Camilo José Cela, como es sabido, permaneció en La Vecilla durante varios meses, en la famosa fonda de Ricardón, el jefe local de la Falange, en plena guerra civil, curándose de una tuberculosis. Acababa de caer el frente del Norte y en las montañas de León la represión era despiadada, pero el joven Cela no se enteró, o no se quiso enterar, ocupado como estaba en comer cuatro veces al día hasta seis platos diferentes para reponerse de su enfermedad, según él mismo relata en sus desmemoriadas memorias. Eso sí, llevaría el recuerdo de aquellos días a dos de sus novelas más conocidas: en ‘La familia de Pascual Duarte’ un guardia civil al que el escritor se dirige ficticiamente por carta por haber asistido aquél al ajusticiamiento del homicida extremeño fecha la suya de respuesta en La Vecilla, donde está «bien, a Dios gracias, pero más tieso que un palo en este clima que no es ni para desearle al más grande criminal», mientras que en ‘La colmena’, otra de las obras cumbres del novelista gallego, es un seminarista llamado celianamente Cojoncio Alba el que se encarga de inmortalizar el nombre de Valdeteja antes de que lo hicieran otros. El tal Cojoncio Alba –dice Cela–, antes de cantar misa, llevó a su vecina Dorita unas vacaciones hasta las orillas del Curueño «y allí, en un prado, pasó todo lo que tenía que pasar»… Esta semana se ha inaugurado en Madrid, en la Biblioteca Nacional, una exposición de objetos pertenecientes al Premio Nobel gallego con ocasión del centenario de su nacimiento. Ni en la ciudad de León, a la que dedicó también varias líneas en sus memorias, pues la visitó numerosas veces por motivos profesionales y familiares (su tío Pío Cela fue director provincial de Obras Públicas, por eso el escritor acabó en la fonda de Ricardo en La Vecilla, que era amigo), ni en el Curueño hay ningún acto de recuerdo previsto a él, que yo sepa.
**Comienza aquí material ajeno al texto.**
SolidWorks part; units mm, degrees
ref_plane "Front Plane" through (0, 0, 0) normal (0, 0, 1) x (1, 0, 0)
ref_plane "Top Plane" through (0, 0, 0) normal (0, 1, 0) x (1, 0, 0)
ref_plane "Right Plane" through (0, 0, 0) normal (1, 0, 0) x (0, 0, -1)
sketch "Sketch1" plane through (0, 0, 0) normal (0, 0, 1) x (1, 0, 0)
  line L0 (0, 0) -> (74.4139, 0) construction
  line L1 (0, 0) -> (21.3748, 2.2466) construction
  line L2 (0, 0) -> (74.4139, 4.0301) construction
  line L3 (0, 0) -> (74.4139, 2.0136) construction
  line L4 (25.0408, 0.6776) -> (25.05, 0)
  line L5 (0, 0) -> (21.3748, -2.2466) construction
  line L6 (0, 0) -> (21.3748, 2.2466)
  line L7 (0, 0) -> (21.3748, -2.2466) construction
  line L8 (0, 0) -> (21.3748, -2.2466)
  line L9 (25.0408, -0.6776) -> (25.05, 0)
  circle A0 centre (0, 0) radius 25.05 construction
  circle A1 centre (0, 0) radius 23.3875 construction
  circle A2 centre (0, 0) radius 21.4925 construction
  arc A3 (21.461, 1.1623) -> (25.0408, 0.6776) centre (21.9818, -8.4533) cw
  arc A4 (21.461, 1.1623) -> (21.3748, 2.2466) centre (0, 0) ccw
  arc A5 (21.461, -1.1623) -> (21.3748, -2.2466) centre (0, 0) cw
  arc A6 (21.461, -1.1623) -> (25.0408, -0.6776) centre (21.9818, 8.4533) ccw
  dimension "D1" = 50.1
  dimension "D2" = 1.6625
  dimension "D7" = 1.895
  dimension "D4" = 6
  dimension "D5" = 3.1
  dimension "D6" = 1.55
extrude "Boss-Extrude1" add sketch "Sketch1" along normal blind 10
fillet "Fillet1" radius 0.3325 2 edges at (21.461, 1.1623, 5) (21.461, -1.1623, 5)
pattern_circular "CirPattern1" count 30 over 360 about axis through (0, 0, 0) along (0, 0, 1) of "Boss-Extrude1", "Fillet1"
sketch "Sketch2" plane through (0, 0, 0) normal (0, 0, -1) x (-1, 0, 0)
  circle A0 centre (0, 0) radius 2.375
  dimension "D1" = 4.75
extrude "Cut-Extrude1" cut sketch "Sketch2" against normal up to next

No diré que lo lamento, pues, independientemente de su valía como escritor, tengo de Cela como persona la peor opinión que pueda tener de alguien, pero sí que me parece un indicador más del desconocimiento de los leoneses de su pequeña intrahistoria, así como de su incapacidad para aprovecharse de ella utilizándola como reclamo turístico o cultural.

Así nos va.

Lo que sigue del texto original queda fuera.